# How can I install php53 port if it disappears in ports tree after portsnap update?



## mobilitysd (Feb 10, 2017)

Two days ago, I reinstalled my FreeBSD system with a new version - FreeBSD11. After updating ports tree by portsnap I found out that port php53 is missing. How can I get it back? I need to install PHP v.5.3.


----------



## SirDice (Feb 10, 2017)

PHP 5.3 has been end-of-life since August 2014.

http://php.net/eol.php


----------



## mobilitysd (Feb 10, 2017)

Yes, I know that.

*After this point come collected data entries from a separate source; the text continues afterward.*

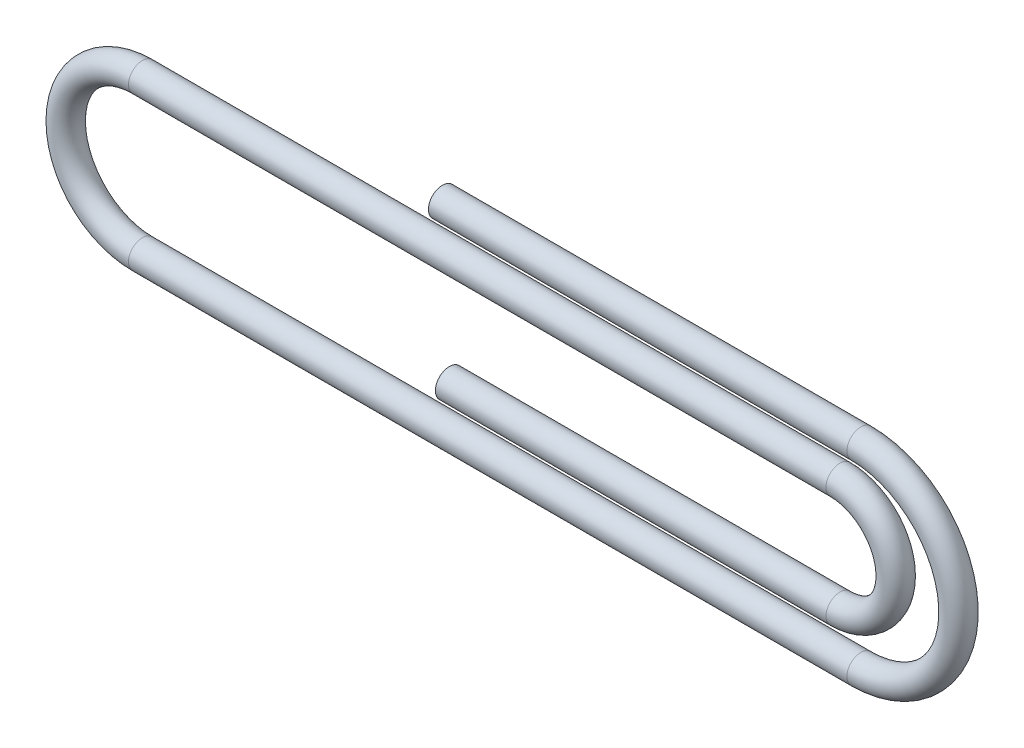
from build123d import *

# Parameters (mm, degrees)
SKETCH2_R = 0.5


with BuildPart() as part:
    # Sweep1: sweep along a path in Sketch1
    with BuildLine(Plane.XY) as sweep1_path:
        Line((0, 0), (15, 0))
        ThreePointArc((15, 0), (18.5, -3.5), (15, -7))
        Line((15, -7), (-10.75, -7))
        ThreePointArc((-10.75, -7), (-13.5, -4.25), (-10.75, -1.5))
        Line((-10.75, -1.5), (14.25, -1.5))
        ThreePointArc((14.25, -1.5), (16.25, -3.5), (14.25, -5.5))
        Line((14.25, -5.5), (0.25, -5.5))
    # Sketch2 → Sweep1 (sweep)
    with BuildSketch(Plane(origin=(0, 0, 0), x_dir=(0, 0, -1), z_dir=(1, 0, 0))):
        Circle(SKETCH2_R)
    sweep(path=sweep1_path.line)


solid = part.part

But, I need PHP 5.3. All web hostings, which I worked with, provide PHP 5.3 as well.


----------



## marino (Feb 10, 2017)

So you pay hosters that intentionally use EOL'd software?
In other words, either those hosters are incompetent or don't care.  To me, neither is a good look.

FreeBSD has a responsibility not to provide EOLed version (not to mention the sheer maintenance involved in maintaining every major PHP release since 3.0).
FreeBSD shouldn't provide it.  You shouldn't use it.
If your software was never upgraded after years of deprecation, that's the software providers's fault.

If you like ancient software, nothing is stopping you from using SVN to wind back a ports tree to a time where PHP5.3 existed.  It's possible quarterly branches existed back then so you could use one of those.  Everything will be frozen in time though.


----------